Make a new ABCSMC run.

Parameters:
  • db (str) –

    Has to be a valid SQLAlchemy database identifier. This indicates the database to be used (and created if necessary and possible) for the ABC-SMC run.

    To use an in-memory database pass “sqlite://”. Note that in-memory databases are only available on the master mode. If workers are started on different nodes they won’t be able to access the database. This should not be a problem in most scenarios. The in-memory option is mainly useful for benchmarking (and maybe) for testing.

  • observed_sum_stat (dict, optional) –

    This is the really important parameter here. It is of the form {'statistic_1': val_1, 'statistic_2': val_2, ... }.

    The dictionary provided here represents the measured data. Particle during ABCSMC sampling are compared against the summary statistics provided here.

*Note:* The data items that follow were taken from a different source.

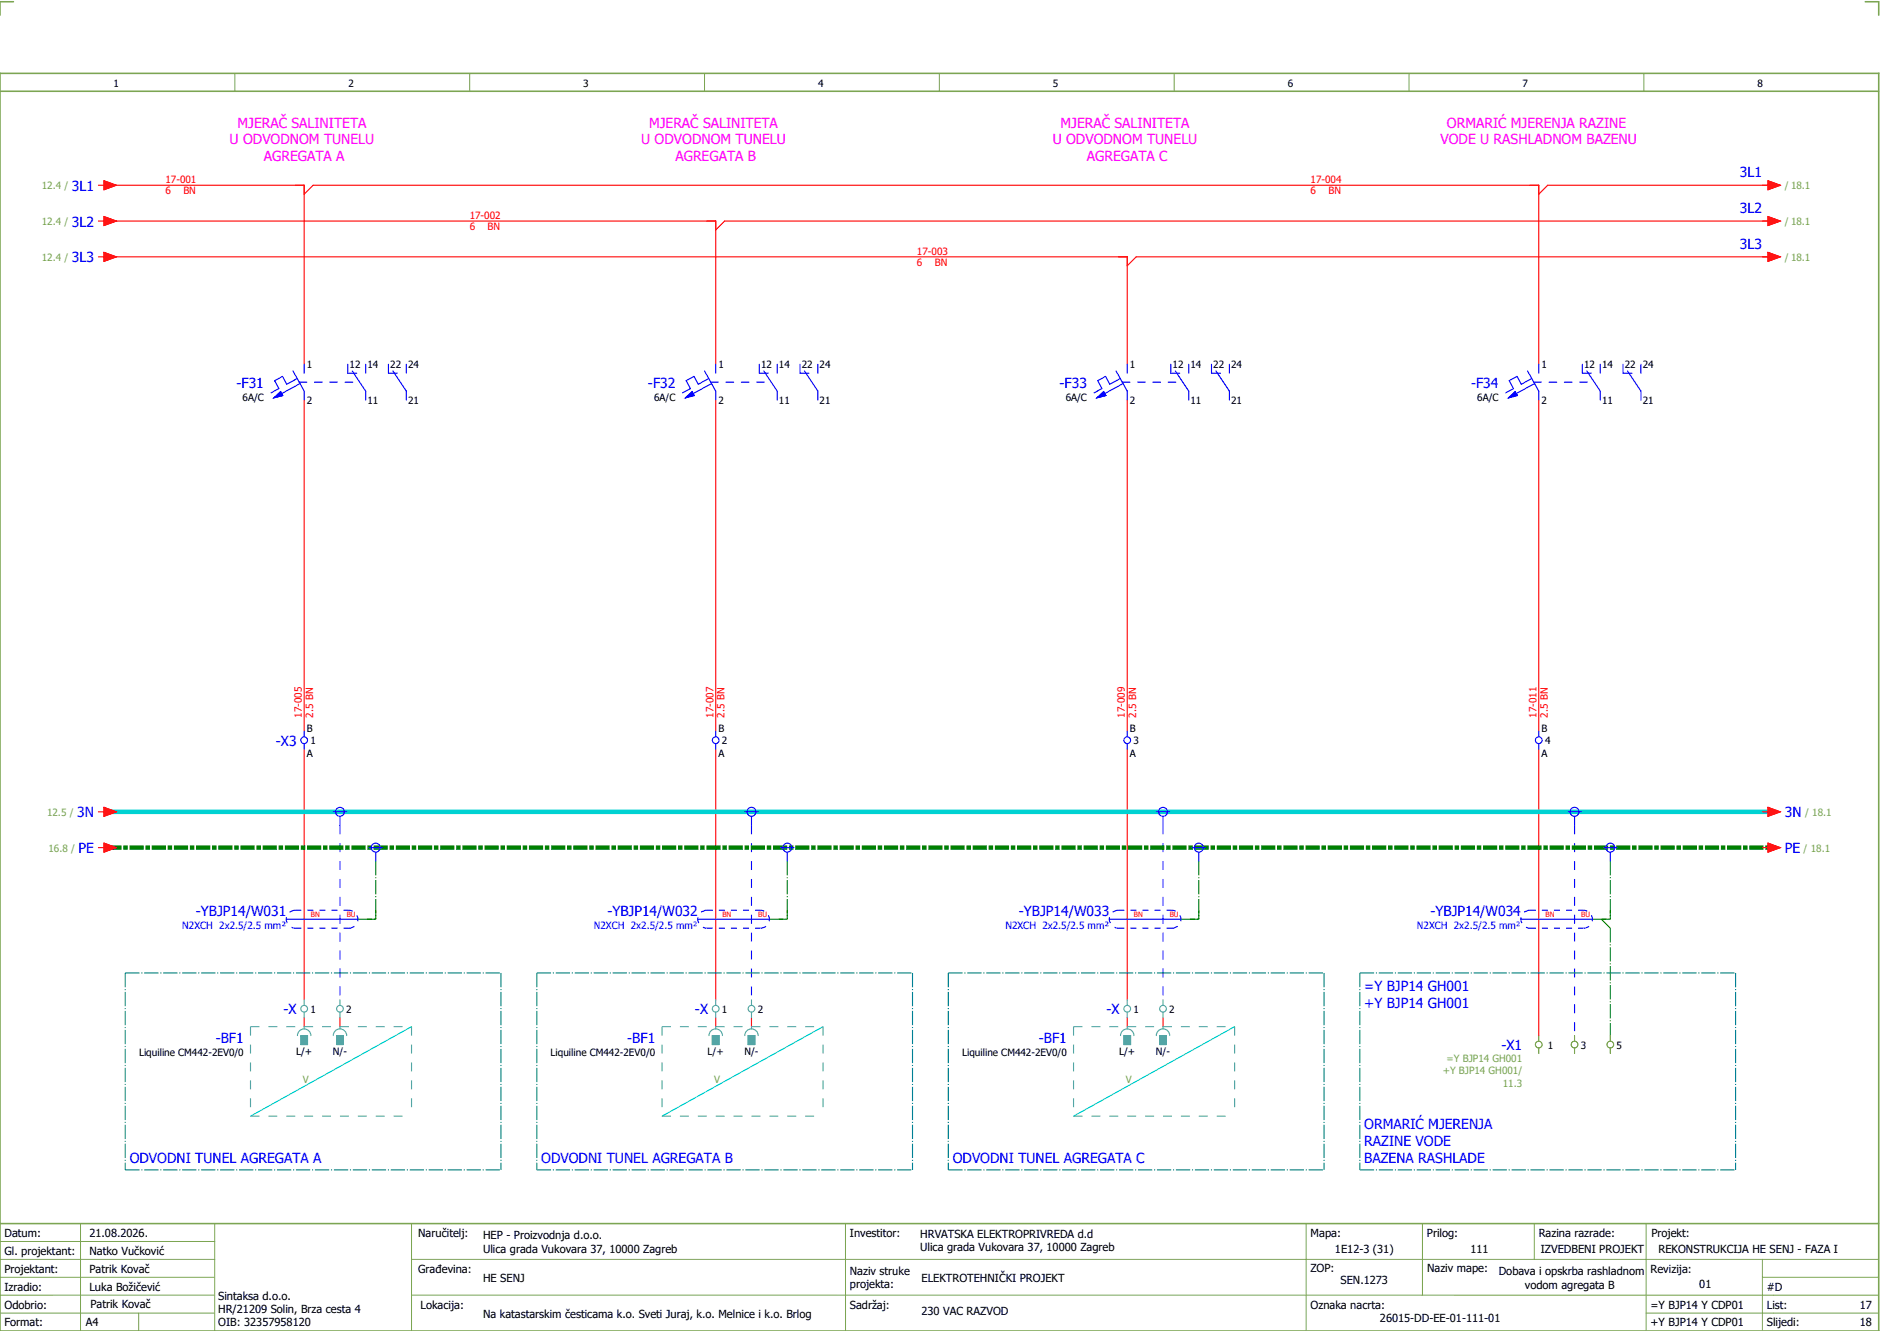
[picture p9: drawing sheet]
<svg xmlns="http://www.w3.org/2000/svg" width="421mm" height="297mm" viewBox="0 0 421 297" stroke-linecap="round" stroke-linejoin="round" font-family="sans-serif">
<path d="M0 16.4h420v281h-420zM3 .4h-3v3M417 .4h3v3M0 20.4h420M0 273.4h420" fill="none" stroke="#7ca552" stroke-width=".35"/>
<g fill="none" stroke="#7ca552" stroke-width=".22">
<path d="M52.5 16.4v4M105 16.4v4M157.5 16.4v4M210 16.4v4M262.5 16.4v4M315 16.4v4M367.5 16.4v4M0 277.4h48M18 273.4v24M48 273.4v24M92 273.4v24M189 273.4v24"/>
<path d="M292 273.4v23.8M318 273.4v16M343 273.4v8M368 273.4v23.8M0 281.4h48M0 285.4h47.8M0 293.4h47.8M31 293.4v4M47.8 289.4h-47.8M92 281.4h328M92 289.4h328M368 293.4h52"/>
<path d="M394 285.4h26M394 281.4v15.8"/>
</g>
<g fill="none" stroke="#f00" stroke-width=".25">
<path d="M22 41.4h1.2M22 49.4h1.2M22 57.4h1.2M23.2 40.4l2.8 1-2.8 1zM23.2 48.4l2.8 1-2.8 1zM23.2 56.4l2.8 1-2.8 1zM24 41.4h44v40M24 49.4h136v32M24 57.4h228v24M68 43.4l2-2h274v40M395.2 40.4l2.8 1-2.8 1zM395.2 48.4l2.8 1-2.8 1z"/>
<path d="M395.2 56.4l2.8 1-2.8 1zM396 41.4h-50l-2 2M396 49.4h-234l-2 2M396 57.4h-142l-2 2M68 89.4v74M160 89.4v74M252 89.4v74M344 89.4v74M68 167.4v56M160 167.4v56M252 167.4v56M344 167.4v64"/>
<path d="M22 189.4h1.2M22 181.4h1.2M23.2 188.4l2.8 1-2.8 1zM23.2 180.4l2.8 1-2.8 1zM394 189.4h1.2M394 181.4h1.2M395.2 188.4l2.8 1-2.8 1zM395.2 180.4l2.8 1-2.8 1zM68 227.4v2M76 227.4v2M160 227.4v2M168 227.4v2"/>
<path d="M252 227.4v2M260 227.4v2"/>
</g>
<g fill="none" stroke="#00be00" stroke-width=".25" stroke-dasharray="3.2 .4 .3 .4" stroke-linecap="butt">
<path d="M84 192.4v13M176 192.4v13M268 192.4v13M360 192.4v13M80 205.4h4M82 205.4h2M84 203.4v2M172 205.4h4M174 205.4h2M176 203.4v2M264 205.4h4M266 205.4h2"/>
<path d="M268 203.4v2M356 205.4h4M358 205.4h2M358 205.4l2 2M360 207.4v24M360 203.4v2"/>
</g>
<path d="M76 184.4v39M168 184.4v39M260 184.4v39M352 184.4v47" fill="none" stroke="#00f" stroke-width=".25" stroke-dasharray="2 2" stroke-linecap="butt"/>
<path d="M24 189.4h372" fill="none" stroke="#008000" stroke-width="1" stroke-dasharray="3.2 .4 1 .4" stroke-linecap="butt"/>
<path d="M24 181.4h372" fill="none" stroke="#00d2d2" stroke-width="1"/>
<path d="M92 229.4l-36 20M184 229.4l-36 20M276 229.4l-36 20" fill="none" stroke="#00d2d2" stroke-width=".25"/>
<g fill="none" stroke="#00f" stroke-width=".25">
<path d="M61.2 88.9l1.5-1.4 .5 .9zM65.5 82.9l2.5 4.5v2M66.4 84.6l-2.3 1.3-1-1.8-1.7 1 1 1.7-1.8 1M66.9 85.4h1.7M67.1 85.7l-4.1 2.2M68 81.4v2M70.3 85.4h1.7M73.7 85.4h1.7M77.2 85.4h1.7M77.8 81.4v2h2M78.7 82.9l3.1 4.5v2M81.7 81.4v2"/>
<path d="M86.8 81.4v2h2M87.8 82.9l3 4.5v2M90.8 81.4v2M153.2 88.9l1.5-1.4 .5 .9zM157.5 82.9l2.5 4.5v2M158.4 84.6l-2.3 1.3-1-1.8-1.7 1 1 1.7-1.8 1M158.9 85.4h1.7M159.1 85.7l-4.1 2.2M160 81.4v2M162.3 85.4h1.7M165.7 85.4h1.7M169.2 85.4h1.7"/>
<path d="M169.7 81.4v2h2M170.8 82.9l3 4.5v2M173.8 81.4v2M178.8 81.4v2h2M179.8 82.9l3 4.5v2M182.8 81.4v2M245.2 88.9l1.5-1.4 .5 .9zM249.5 82.9l2.5 4.5v2M250.4 84.6l-2.3 1.3-1-1.8-1.7 1 1 1.7-1.8 1M250.9 85.4h1.7M251.1 85.7l-4.1 2.2M252 81.4v2"/>
<path d="M254.3 85.4h1.7M257.7 85.4h1.7M261.2 85.4h1.7M261.8 81.4v2h2M262.7 82.9l3.1 4.5v2M265.7 81.4v2M270.8 81.4v2h2M271.8 82.9l3 4.5v2M274.8 81.4v2M337.2 88.9l1.5-1.4 .5 .9zM341.5 82.9l2.5 4.5v2M342.4 84.6l-2.3 1.3-1-1.8-1.7 1 1 1.7-1.8 1"/>
<path d="M342.9 85.4h1.7M343.1 85.7l-4.1 2.2M344 81.4v2M346.3 85.4h1.7M349.7 85.4h1.7M353.2 85.4h1.7M353.8 81.4v2h2M354.7 82.9l3.1 4.5v2M357.7 81.4v2M362.8 81.4v2h2M363.8 82.9l3 4.5v2M366.8 81.4v2"/>
<path d="M68 163.4v1.2M68 166.1v1.3M160 163.4v1.2M160 166.1v1.3M252 163.4v1.2M252 166.1v1.3M344 163.4v1.2M344 166.1v1.3M74.5 181.4h3M76 182.4v2M82.5 189.4h3M84 190.4v2"/>
<path d="M166.5 181.4h3M168 182.4v2M174.5 189.4h3M176 190.4v2M258.5 181.4h3M260 182.4v2M266.5 189.4h3M268 190.4v2M350.5 181.4h3M352 182.4v2M358.5 189.4h3M360 190.4v2"/>
<path d="M64 205.4h16M156 205.4h16M248 205.4h16M340 205.4h16"/>
<circle cx="68" cy="165.4" r=".75"/>
<circle cx="160" cy="165.4" r=".75"/>
<circle cx="252" cy="165.4" r=".75"/>
<circle cx="344" cy="165.4" r=".75"/>
<circle cx="76" cy="181.4" r="1"/>
<circle cx="84" cy="189.4" r="1"/>
<circle cx="168" cy="181.4" r="1"/>
<circle cx="176" cy="189.4" r="1"/>
<circle cx="260" cy="181.4" r="1"/>
<circle cx="268" cy="189.4" r="1"/>
<circle cx="352" cy="181.4" r="1"/>
<circle cx="360" cy="189.4" r="1"/>
</g>
<g fill="#00f" stroke="#00f" stroke-width=".22">
<path d="M61.2 88.9l1.5-1.4 .5 .9z"/>
<path d="M153.2 88.9l1.5-1.4 .5 .9z"/>
<path d="M245.2 88.9l1.5-1.4 .5 .9z"/>
<path d="M337.2 88.9l1.5-1.4 .5 .9z"/>
</g>
<g fill="none" stroke="#a57c00" stroke-width=".25">
<path d="M344 231.4v1.2M344 234.1v1.3M352 231.4v1.2M352 234.1v1.3M360 231.4v1.2M360 234.1v1.3"/>
<circle cx="344" cy="233.4" r=".75"/>
<circle cx="352" cy="233.4" r=".75"/>
<circle cx="360" cy="233.4" r=".75"/>
</g>
<g fill="none" stroke="#007f7f" stroke-width=".25" stroke-dasharray="3.2 .4 .3 .4" stroke-linecap="butt">
<path d="M28 217.4h84M28 217.4v44M112 217.4v44M120 217.4h84M120 217.4v44M204 217.4v44M212 217.4h84M212 217.4v44M296 217.4v44M304 217.4h84M304 217.4v44M388 217.4v44"/>
<path d="M28 261.4h84M120 261.4h84M212 261.4h84M304 261.4h84"/>
</g>
<g fill="none" stroke="#00f" stroke-width=".25" stroke-dasharray="1.4 1.4" stroke-linecap="butt">
<path d="M66 207.4h12M66 203.4h12M66 203.4a2 2 0 0 0-2 2 2 2 0 0 0 2 2M78 207.4a2 2 0 0 0 2-2 2 2 0 0 0-2-2M158 207.4h12M158 203.4h12M158 203.4a2 2 0 0 0-2 2 2 2 0 0 0 2 2M170 207.4a2 2 0 0 0 2-2 2 2 0 0 0-2-2M250 207.4h12M250 203.4h12M250 203.4a2 2 0 0 0-2 2 2 2 0 0 0 2 2M262 207.4a2 2 0 0 0 2-2 2 2 0 0 0-2-2"/>
<path d="M342 207.4h12M342 203.4h12M342 203.4a2 2 0 0 0-2 2 2 2 0 0 0 2 2M354 207.4a2 2 0 0 0 2-2 2 2 0 0 0-2-2"/>
</g>
<g fill="none" stroke="#52a5a5" stroke-width=".25">
<path d="M66.5 231.4a1.5 1.5 0 0 1 1.5-1.5 1.5 1.5 0 0 1 1.5 1.5M67.3 231.4h1.5v2h-1.5zM68 223.4v1.2M68 226.1v1.3M68 229.4v.5M74.5 231.4a1.5 1.5 0 0 1 1.5-1.5 1.5 1.5 0 0 1 1.5 1.5M75.2 231.4h1.5v2h-1.5zM76 223.4v1.2M76 226.1v1.3M76 229.4v.5M158.5 231.4a1.5 1.5 0 0 1 1.5-1.5 1.5 1.5 0 0 1 1.5 1.5M159.2 231.4h1.5v2h-1.5z"/>
<path d="M160 223.4v1.2M160 226.1v1.3M160 229.4v.5M166.5 231.4a1.5 1.5 0 0 1 1.5-1.5 1.5 1.5 0 0 1 1.5 1.5M167.3 231.4h1.4v2h-1.4zM168 223.4v1.2M168 226.1v1.3M168 229.4v.5M250.5 231.4a1.5 1.5 0 0 1 1.5-1.5 1.5 1.5 0 0 1 1.5 1.5M251.3 231.4h1.5v2h-1.5zM252 223.4v1.2M252 226.1v1.3"/>
<path d="M252 229.4v.5M258.5 231.4a1.5 1.5 0 0 1 1.5-1.5 1.5 1.5 0 0 1 1.5 1.5M259.3 231.4h1.5v2h-1.5zM260 223.4v1.2M260 226.1v1.3M260 229.4v.5"/>
<circle cx="68" cy="225.4" r=".75"/>
<circle cx="76" cy="225.4" r=".75"/>
<circle cx="160" cy="225.4" r=".75"/>
<circle cx="168" cy="225.4" r=".75"/>
<circle cx="252" cy="225.4" r=".75"/>
<circle cx="260" cy="225.4" r=".75"/>
</g>
<path d="M56 229.4h36M56 229.4v20M92 229.4v20M148 229.4h36M148 229.4v20M184 229.4v20M240 229.4h36M240 229.4v20M276 229.4v20M56 249.4h36M148 249.4h36M240 249.4h36" fill="none" stroke="#52a5a5" stroke-width=".25" stroke-dasharray="2 2" stroke-linecap="butt"/>
<g fill="#52a5a5" stroke="#52a5a5" stroke-width=".22">
<path d="M75.2 231.4h1.5v2h-1.5z"/>
<path d="M67.3 231.4h1.5v2h-1.5z"/>
<path d="M167.3 231.4h1.4v2h-1.4z"/>
<path d="M159.2 231.4h1.5v2h-1.5z"/>
<path d="M259.3 231.4h1.5v2h-1.5z"/>
<path d="M251.3 231.4h1.5v2h-1.5z"/>
</g>
<g fill="#f00" stroke="#f00" stroke-width=".22">
<path d="M23.2 188.4l2.8 1-2.8 1z"/>
<path d="M395.2 188.4l2.8 1-2.8 1z"/>
<path d="M23.2 40.4l2.8 1-2.8 1z"/>
<path d="M23.2 48.4l2.8 1-2.8 1z"/>
<path d="M23.2 56.4l2.8 1-2.8 1z"/>
<path d="M395.2 40.4l2.8 1-2.8 1z"/>
<path d="M395.2 48.4l2.8 1-2.8 1z"/>
<path d="M395.2 56.4l2.8 1-2.8 1z"/>
<path d="M23.2 180.4l2.8 1-2.8 1z"/>
<path d="M395.2 180.4l2.8 1-2.8 1z"/>
</g>
<g font-size="3.1" fill="#f0f">
<text x="53.1" y="28.5">MJERAČ SALINITETA</text>
<text x="145.1" y="28.5">MJERAČ SALINITETA</text>
<text x="237.1" y="28.5">MJERAČ SALINITETA</text>
<text x="323.5" y="28.5">ORMARIĆ MJERENJA RAZINE</text>
<text x="51.3" y="32.3">U ODVODNOM TUNELU</text>
<text x="143.3" y="32.3">U ODVODNOM TUNELU</text>
<text x="235.3" y="32.3">U ODVODNOM TUNELU</text>
<text x="322" y="32.3">VODE U RASHLADNOM BAZENU</text>
<text x="59" y="36">AGREGATA A</text>
<text x="151" y="36">AGREGATA B</text>
<text x="243" y="36">AGREGATA C</text>
</g>
<g font-size="3.1" fill="#00f">
<text x="389" y="39.6">3L1</text>
<text x="16.1" y="42.6">3L1</text>
<text x="389" y="47.6">3L2</text>
<text x="16.1" y="50.6">3L2</text>
<text x="16.1" y="58.6">3L3</text>
<text x="389" y="55.6">3L3</text>
<text x="52.9" y="86.6">-F31</text>
<text x="144.9" y="86.6">-F32</text>
<text x="236.9" y="86.6">-F33</text>
<text x="328.9" y="86.6">-F34</text>
<text x="61.7" y="166.6">-X3</text>
<text x="17.2" y="182.6">3N</text>
<text x="399" y="182.6">3N</text>
<text x="17.5" y="190.6">PE</text>
<text x="399" y="190.6">PE</text>
<text x="43.8" y="204.8">-YBJP14/W031</text>
<text x="135.8" y="204.8">-YBJP14/W032</text>
<text x="227.8" y="204.8">-YBJP14/W033</text>
<text x="319.8" y="204.8">-YBJP14/W034</text>
<text x="305" y="221.5">=Y BJP14 GH001</text>
<text x="63.4" y="226.6">-X</text>
<text x="155.4" y="226.6">-X</text>
<text x="247.4" y="226.6">-X</text>
<text x="305" y="225.3">+Y BJP14 GH001</text>
<text x="48.2" y="233">-BF1</text>
<text x="140.2" y="233">-BF1</text>
<text x="232.2" y="233">-BF1</text>
<text x="335.7" y="234.5">-X1</text>
<text x="305" y="252.3">ORMARIĆ MJERENJA</text>
<text x="305" y="256">RAZINE VODE</text>
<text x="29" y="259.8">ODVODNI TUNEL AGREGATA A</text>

    The summary statistics’ values can be integers, floats, strings and everything which is a numpy array or can be converted to one (e.g. lists). In addition, pandas.DataFrames can also be used as summary statistics. Note that storage of pandas DataFrames in pyABC’s database is still considered experimental.

    This parameter is optional, as the distance function might implement comparison to the observed data on its own. Not giving this parameter is equivalent to passing an empty dictionary {}.

  • gt_model (int, optional) – This is only meta data stored to the database, but not actually used for the ABCSMC algorithm If you want to predict your ABCSMC procedure against synthetic samples, you can use this parameter to indicate the ground truth model number. This helps with further analysis. If you use actually measured data (and don’t know the ground truth) you don’t have to set this.
  • gt_par (dict, optional) – Similar to ground_truth_model, this is only for recording purposes in the database, but not used in the ABCSMC algorithm. This stores the parameters of the ground truth model if it was synthetically obtained. Don’t give this parameter if you don’t know the ground truth.
  • meta_info (dict, optional) – Can contain an arbitrary number of keys, only for recording purposes. Store arbitrary meta information in this dictionary. Can be used for really anything. This dictionary is stored in the database.
run(minimum_epsilon: float, max_nr_populations: int, min_acceptance_rate: float = 0.0, **kwargs) → pyabc.storage.history.History

Run the ABCSMC model selection until either of the stopping criteria is met.

Parameters:
  • minimum_epsilon (float) – Stop if epsilon is smaller than minimum epsilon specified here.
  • max_nr_populations (int) – The maximum number of populations. Stop if this number is reached.
  • min_acceptance_rate (float, optional) – Minimal allowed acceptance rate. Sampling stops if a population has a lower rate.

Population after population is sampled and particles which are close enough to the observed data are accepted and added to the next population. If an adaptive Epsilon is specified (this is the default), then the acceptance threshold decreases from population to population automatically in a data dependent way.

Sampling of further populations is stopped, when either of the three stopping criteria is met:

  • the maximum number of populations max_nr_populations is reached,
  • the acceptance threshold for the last sampled population was smaller than minimum_epsilon,
  • or the acceptance rate dropped below acceptance_rate.

The value of minimum_epsilon determines the quality of the ABCSMC approximation. The smaller the better. But sampling time also increases with decreasing minimum_epsilon.

This method can be called repeatedly to sample further populations after sampling was stopped once.

set_data(observed_summary_statistics: dict, abc_options: Union[dict, str], ground_truth_model: int = -1, ground_truth_parameter: dict = None)

This method is an alias for the new method. This method is deprecated and to be removed in future releases. Use the new method instead. Note that the argument order has changed!

Warning

The method “set_data” is deprecated.